In the Landtag of Brandenburg, the three members of the BVB/FW fought for group rights before the Constitutional Court of Brandenburg in the summer of 2016. The BVB/FW entered the state parliament in the 2014 Brandenburg state election through the basic mandate clause. The group dissolved in September 2017. After losing the special fraktion status it had acquired after the 2019 Brandenburg state election in November 2023, the BVB/FW reconstituted itself as a group in December 2023.

In the Bürgerschaft of Bremen, after the defection of an SPD representative, a two-member group of Citizens in Rage (BIW) existed from October 2013 to June 2015. From June 2017 to June 2019 there was a BIW group of three parliamentarians, two of whom had defected to the BIW. Before that, after the 2015 state election, there was an AfD group of four members from June 2015 to June 2017, which was later renamed the Bremer Bürgerliche Reformer and, with one member less, the ALFA Group Bremen or the Group Liberal-Conservative Reformers. Three months after the 2019 state election, at the beginning of September, three of the five AfD MPs left the AfD parliamentary group and formed the Magnitz, Runge, Felgenträger group.

In the Landtag of Schleswig-Holstein, the South Schleswig Voters' Association which represents the Danish minority in Germany, has had the rights of a parliamentary group since 1955. The SSW has been represented in the state parliament since 1958, from 2009 to 2012 and since 2022 in parliamentary group strength.

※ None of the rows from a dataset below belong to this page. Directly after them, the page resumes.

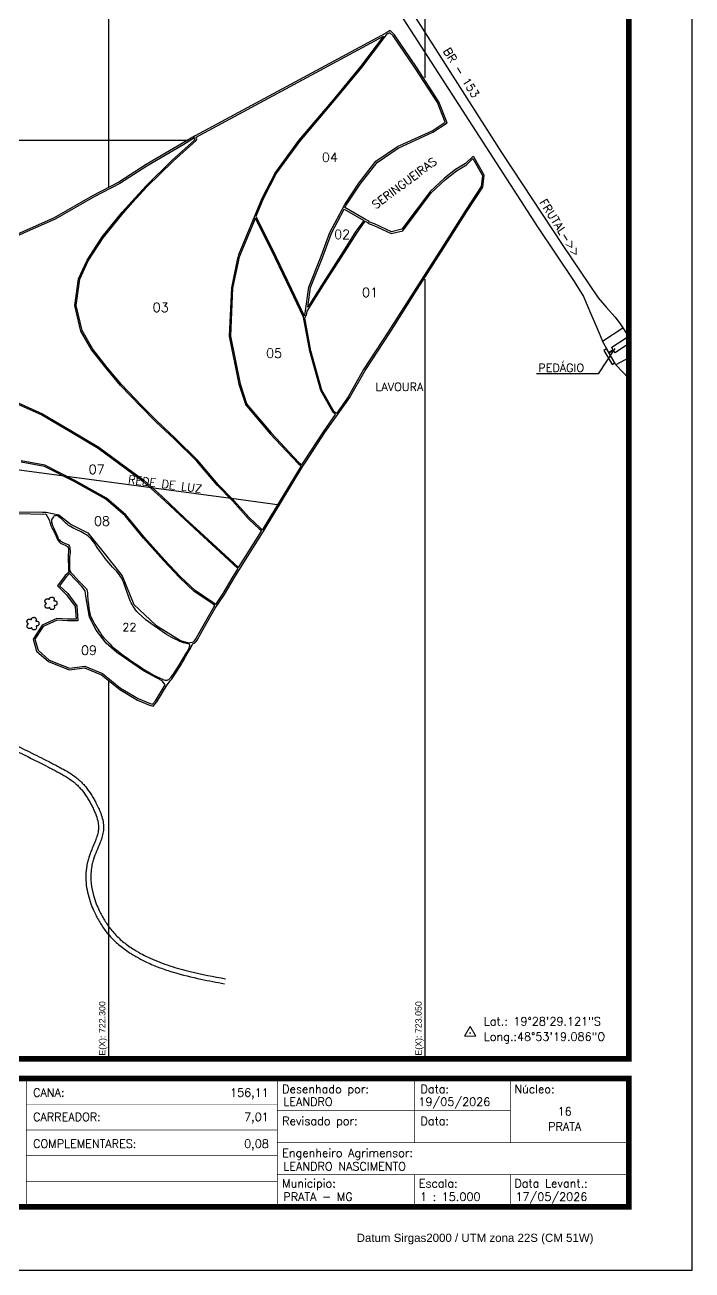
# Model space of a CAD drawing. Header units: millimetres. Extents: x 720489 to 723639, y 7843424 to 7847879.
# Drawn here: x 722057 to 723639, y 7843424 to 7846381 of the extents above; entities that cross this region are included whole.
import ezdxf
from ezdxf.enums import TextEntityAlignment as Align

# ---------------------------------------------------------------- set-up
doc = ezdxf.new("R2010")
doc.units = ezdxf.units.MM
for name, pattern in [('CONTINUO', [0]), ('HIDDEN', [0.375, 0.25, -0.125]), ('LIN0', [0])]:
    doc.linetypes.add(name, pattern=pattern)
for name, color, linetype in [('0114001123001', 5, 'Continuous'), ('0114001123002', 5, 'Continuous'), ('0114001123003', 5, 'Continuous'), ('0114001123004', 5, 'Continuous'), ('0114001123005', 5, 'Continuous'), ('0114001123006', 5, 'Continuous'), ('0114001123007', 5, 'Continuous'), ('0114001123008', 5, 'Continuous'), ('0114001123009', 5, 'Continuous'), ('0114001124', 1, 'Continuous'), ("CURSOS_D'ÁGUA", 4, 'Continuous'), ('ESTRADA', 1, 'HIDDEN'), ('MALHA', 8, 'Continuous'), ('MARGEM', 5, 'Continuous'), ('MATO', 3, 'Continuous'), ('REDE_DE_LUZ', 6, 'Continuous'), ('TEXTO', 7, 'Continuous'), ('TG', 7, 'LIN0')]:
    doc.layers.add(name, color=color, linetype=linetype)
doc.layers.add('0114001124022', color=5, linetype='Continuous', lineweight=25)
doc.styles.add('marcelo', font='arial.ttf')
doc.styles.add('Simplex', font='simplex.shx')
doc.styles.get("Standard").update_dxf_attribs({"font": 'arial.ttf'})

# ---------------------------------------------------------------- blocks, each defined once
blk = doc.blocks.new('mato')
at = {"layer": 'MATO', "color": 94, "linetype": 'CONTINUO'}
blk.add_lwpolyline([(734601.6, 7824194.7), (734600.8, 7824194.1), (734600, 7824193.3), (734599.1, 7824192.6), (734598, 7824192.3), (734596.9, 7824192.2), (734595.8, 7824192.2), (734594.9, 7824192.4), (734594.2, 7824192.7), (734593.5, 7824193.1), (734592.9, 7824193.6), (734592.3, 7824194.1), (734591.8, 7824194.7), (734591.5, 7824195.3), (734591.3, 7824195.9), (734591.2, 7824196.6), (734591, 7824197.5), (734591, 7824198.4), (734591, 7824199.3), (734591.2, 7824200), (734591.5, 7824200.5), (734591.9, 7824201), (734592.1, 7824201.5), (734592.4, 7824201.9), (734592.8, 7824202.3), (734594.2, 7824203.2), (734594.7, 7824203.6), (734594.5, 7824203.7), (734593.5, 7824204), (734593.1, 7824204.2), (734592.7, 7824204.5), (734592.3, 7824204.9), (734591.8, 7824205.6), (734591.3, 7824206.3), (734590.9, 7824207.1), (734590.7, 7824208), (734590.6, 7824208.8), (734590.7, 7824209.7), (734590.9, 7824210.7), (734591.3, 7824211.6), (734591.7, 7824212.4), (734592, 7824212.8), (734592.3, 7824213.1), (734592.7, 7824213.4), (734593.3, 7824213.8), (734593.9, 7824214.2), (734594.6, 7824214.5), (734595.3, 7824214.7), (734596, 7824214.8), (734596.6, 7824214.8), (734597.2, 7824214.8), (734597.8, 7824214.7), (734598.2, 7824214.6), (734598.7, 7824214.4), (734599.1, 7824214.3), (734599.5, 7824214), (734600, 7824213.4), (734600.5, 7824213), (734600.9, 7824212.8), (734601.1, 7824213.4), (734601.2, 7824214.2), (734601.3, 7824215.1), (734601.4, 7824215.5), (734601.5, 7824215.8), (734602, 7824216.5), (734602.3, 7824217), (734602.7, 7824217.4), (734603.2, 7824217.6), (734603.7, 7824217.8), (734604.3, 7824218), (734605.3, 7824218.4), (734605.8, 7824218.6), (734606.3, 7824218.7), (734606.9, 7824218.8), (734607.5, 7824218.8), (734608, 7824218.8), (734608.6, 7824218.7), (734609.1, 7824218.6), (734609.5, 7824218.4), (734610, 7824218.1), (734610.4, 7824217.9), (734610.7, 7824217.6), (734611, 7824217.2), (734611.3, 7824216.8), (734611.7, 7824216.3), (734611.9, 7824215.7), (734612.2, 7824215.1), (734612.4, 7824214.6), (734612.5, 7824214), (734612.5, 7824213.3), (734612.2, 7824212.1), (734611.9, 7824210.9), (734611.7, 7824210), (734612.4, 7824209.8), (734613.2, 7824209.9), (734614.1, 7824210), (734614.7, 7824209.9), (734615.4, 7824209.8), (734616, 7824209.5), (734616.6, 7824209.1), (734617.3, 7824208.6), (734617.8, 7824208.1), (734618.2, 7824207.9), (734618.6, 7824207.5), (734618.8, 7824207), (734619, 7824205.5), (734619.1, 7824203.9), (734619.1, 7824202.4), (734618.8, 7824201.5), (734618.4, 7824200.9), (734618, 7824200.3), (734617.5, 7824199.8), (734617, 7824199.3), (734616.5, 7824199), (734615.7, 7824198.7), (734614.9, 7824198.5), (734614.1, 7824198.3), (734613.3, 7824198.6), (734612.6, 7824198.7), (734612.1, 7824198.5), (734612.3, 7824197.3), (734613.2, 7824194.3), (734613.1, 7824193.5), (734613, 7824192.9), (734612.3, 7824191.8), (734611.9, 7824191.2), (734611.4, 7824190.7), (734611, 7824190.3), (734610.6, 7824189.9), (734610.1, 7824189.6), (734609.5, 7824189.4), (734608.8, 7824189.2), (734608.2, 7824189.2), (734607.5, 7824189.1), (734606.8, 7824189.2), (734605.7, 7824189.3), (734605.3, 7824189.5), (734604.8, 7824189.7), (734604.2, 7824190.1), (734603.7, 7824190.7), (734603.2, 7824191.3), (734602.7, 7824191.7), (734602.3, 7824192.2), (734602, 7824192.7), (734601.9, 7824194.3), (734601.7, 7824195)], dxfattribs=at)

msp = doc.modelspace()

# ---------------------------------------------------------------- linework, layer by layer
at = {"layer": '0114001123001'}
msp.add_lwpolyline([(722864.3, 7845914.5), (722870, 7845911.3), (722871.8, 7845909.2), (722884.3, 7845904.7), (722926, 7845885.2), (722953.3, 7845892.1), (722990.7, 7845942), (723021.5, 7845982.7), (723055, 7846013.7), (723080.8, 7846034.4), (723104.7, 7846048.4), (723119.4, 7846063.3), (723142.1, 7846022.9), (723139.3, 7845996.7), (723102, 7845939.9), (723047.2, 7845853.9), (722984.2, 7845755), (722918.9, 7845652), (722860.3, 7845562.3), (722823.5, 7845497.5), (722820.5, 7845493.1), (722795.9, 7845458.2), (722792.9, 7845460.2), (722790.7, 7845462.1), (722761.5, 7845513.8), (722735.4, 7845607), (722721.1, 7845685.3), (722724.5, 7845691.1), (722725.8, 7845695.3), (722726.6, 7845701), (722767.8, 7845766.5), (722815, 7845840.7), (722845.5, 7845888.9)], close=True, dxfattribs=at)
at = {"layer": '0114001123002'}
msp.add_lwpolyline([(722814.2, 7845943.3), (722860.8, 7845916.5), (722842.2, 7845891.1), (722811.6, 7845842.8), (722764.4, 7845768.6), (722728, 7845710.7), (722734.7, 7845757), (722763.6, 7845830.1), (722783.9, 7845886.5)], close=True, dxfattribs=at)
at = {"layer": '0114001123003'}
msp.add_lwpolyline([(722463, 7846114), (722907.6, 7846354.1), (722853.3, 7846281.8), (722787.8, 7846202.6), (722705.7, 7846106.2), (722651.4, 7846031), (722619.3, 7845968.8), (722597.1, 7845914.4), (722564, 7845834.7), (722561.9, 7845828.2), (722560.4, 7845823.2), (722546.7, 7845756.5), (722541.6, 7845641.4), (722564.8, 7845527.6), (722581.1, 7845477.8), (722581.7, 7845478.2), (722583.4, 7845475.3), (722638.5, 7845410.2), (722704.8, 7845339.8), (722712.4, 7845333.8), (722619.8, 7845181.5), (722616.7, 7845184.9), (722588.9, 7845211.2), (722552.3, 7845251.9), (722515.5, 7845289.6), (722467.2, 7845346.8), (722413.7, 7845399.3), (722369.8, 7845440.6), (722334.2, 7845476.7), (722285.8, 7845526.7), (722252.1, 7845567.4), (722218, 7845610.6), (722192.8, 7845655), (722178.4, 7845714.4), (722186.9, 7845776.7), (722207.2, 7845820.9), (722242.5, 7845875.5), (722290.1, 7845933.8), (722313, 7845959.5), (722346.5, 7845996.2), (722408.6, 7846057.1), (722463.4, 7846106.2), (722464.7, 7846110.2)], close=True, dxfattribs=at)
at = {"layer": '0114001123004'}
msp.add_lwpolyline([(722604.9, 7845925.5), (722608.8, 7845918.7), (722653.2, 7845829), (722689.7, 7845753.4), (722719.4, 7845690.3), (722720.8, 7845692.7), (722721.8, 7845696.2), (722730.8, 7845758), (722759.9, 7845831.5), (722780.2, 7845888.1), (722815.6, 7845954.4), (722848.8, 7846005.4), (722889.6, 7846057.2), (722940.4, 7846091.8), (723022.9, 7846129.3), (723053.7, 7846150.2), (723035.5, 7846196.6), (722982.6, 7846278.2), (722930.7, 7846354.6), (722922.4, 7846362.3), (722914.6, 7846357.9), (722913.9, 7846357.5), (722855.7, 7846279.9), (722790.1, 7846200.7), (722708, 7846104.3), (722653.9, 7846029.5), (722622, 7845967.6)], close=True, dxfattribs=at)
at = {"layer": '0114001123005'}
msp.add_lwpolyline([(722603.4, 7845922), (722599.9, 7845913.2), (722566.9, 7845833.6), (722564.8, 7845827.3), (722563.3, 7845822.5), (722549.7, 7845756.1), (722544.6, 7845641.7), (722567.7, 7845528.4), (722582.9, 7845482), (722585.9, 7845477.1), (722640.8, 7845412.2), (722706.8, 7845342), (722714, 7845336.3), (722719.9, 7845345.7), (722765.4, 7845414.9), (722794.1, 7845455.7), (722791, 7845457.8), (722788.3, 7845460.2), (722758.8, 7845512.6), (722732.5, 7845606.4), (722717.9, 7845686.6), (722687, 7845752.1), (722650.5, 7845827.7), (722606.1, 7845917.3)], close=True, dxfattribs=at)
at = {"layer": '0114001123006'}
msp.add_lwpolyline([(722032.5, 7845487.2), (722098.8, 7845457.5), (722166.2, 7845417.9), (722232.1, 7845378), (722280.9, 7845342.9), (722339, 7845299.9), (722381.7, 7845262), (722437.4, 7845209.1), (722473, 7845176.3), (722531.9, 7845122.1), (722563.9, 7845092.6), (722580.4, 7845118.9), (722618.2, 7845178.8), (722614.6, 7845182.8), (722586.7, 7845209.1), (722550.1, 7845249.8), (722513.3, 7845287.6), (722465, 7845344.7), (722411.6, 7845397.1), (722367.7, 7845438.5), (722332.1, 7845474.6), (722283.5, 7845524.7), (722249.7, 7845565.5), (722215.5, 7845608.9), (722190, 7845653.9), (722175.4, 7845714.3), (722184, 7845777.6), (722204.5, 7845822.3), (722240.1, 7845877.2), (722287.8, 7845935.8), (722310.8, 7845961.5), (722344.4, 7845998.3), (722406.6, 7846059.3), (722459.3, 7846107), (722460.7, 7846109.7), (722459.2, 7846112.6), (722434.3, 7846096.9), (722346.5, 7846045.7), (722282.1, 7846004.2), (722219.4, 7845971.8), (722128.7, 7845919.5), (722062.7, 7845890.1), (722004.1, 7845863.5)], dxfattribs=at)
at = {"layer": '0114001123007'}
msp.add_lwpolyline([(722031.4, 7845484.4), (722097.4, 7845454.8), (722164.6, 7845415.3), (722230.5, 7845375.5), (722279.2, 7845340.5), (722337.1, 7845297.6), (722379.7, 7845259.8), (722435.3, 7845207), (722470.9, 7845174.1), (722529.9, 7845119.9), (722562.3, 7845090), (722550.4, 7845071.2), (722526.7, 7845030.8), (722509.4, 7845005), (722502.8, 7845009.4), (722460.5, 7845037.8), (722425.7, 7845070.6), (722388.3, 7845111), (722340.9, 7845163.7), (722296.6, 7845217.3), (722250.7, 7845257.2), (722175.3, 7845299.4), (722104.3, 7845335.1), (722048.4, 7845345.5)], dxfattribs=at)
at = {"layer": '0114001123008'}
msp.add_lwpolyline([(722042.5, 7845224.4), (722099, 7845223.5), (722107.6, 7845224), (722137.6, 7845217.7), (722167, 7845194.5), (722206.5, 7845175.2), (722245.2, 7845126.6), (722287.7, 7845072.8), (722315, 7845004.3), (722367.8, 7844955.3), (722426, 7844918.8), (722444.9, 7844914), (722457.7, 7844915.7), (722462.8, 7844923.4), (722479.6, 7844953.8), (722505.1, 7844998.4), (722507.8, 7845002.5), (722501.1, 7845006.9), (722458.6, 7845035.5), (722423.6, 7845068.4), (722386.1, 7845109), (722338.6, 7845161.8), (722294.5, 7845215.2), (722248.9, 7845254.7), (722173.9, 7845296.7), (722103.3, 7845332.2), (722047.9, 7845342.6)], dxfattribs=at)
at = {"layer": '0114001123009'}
msp.add_lwpolyline([(722155.8, 7845070.9), (722139.4, 7845049.1), (722158.5, 7845030.6), (722180.2, 7845001.5), (722182.7, 7844966.1), (722158.1, 7844966.1), (722133.4, 7844967.7), (722100.4, 7844952.6), (722080.9, 7844922.1), (722088.2, 7844895.9), (722114.7, 7844872.7), (722162.6, 7844853.6), (722199.1, 7844858.4), (722240.9, 7844841), (722284.1, 7844806.2), (722325.6, 7844781.3), (722354, 7844769.6), (722359.8, 7844768.1), (722366.5, 7844775.9), (722389.6, 7844813.6), (722382.8, 7844823.3), (722338.3, 7844847.5), (722275.3, 7844890.4), (722249.8, 7844912.5), (722226, 7844943.6), (722210.1, 7844974.2), (722201.3, 7845024.4), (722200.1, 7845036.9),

In the Hamburg Parliament, a parliamentary group must be large enough to be entitled to at least one committee mandate. This currently does not apply to the incumbent two FDP MPs.

In some state parliaments, no special status is provided for groups. For example, from 2017 to 2019, the members of the Blue Party in the Landtag of Saxony (five members) and in the Landtag of North Rhine-Westphalia (three members) each referred to themselves as the Blue Group , but were not officially recognized as a group by the respective parliament.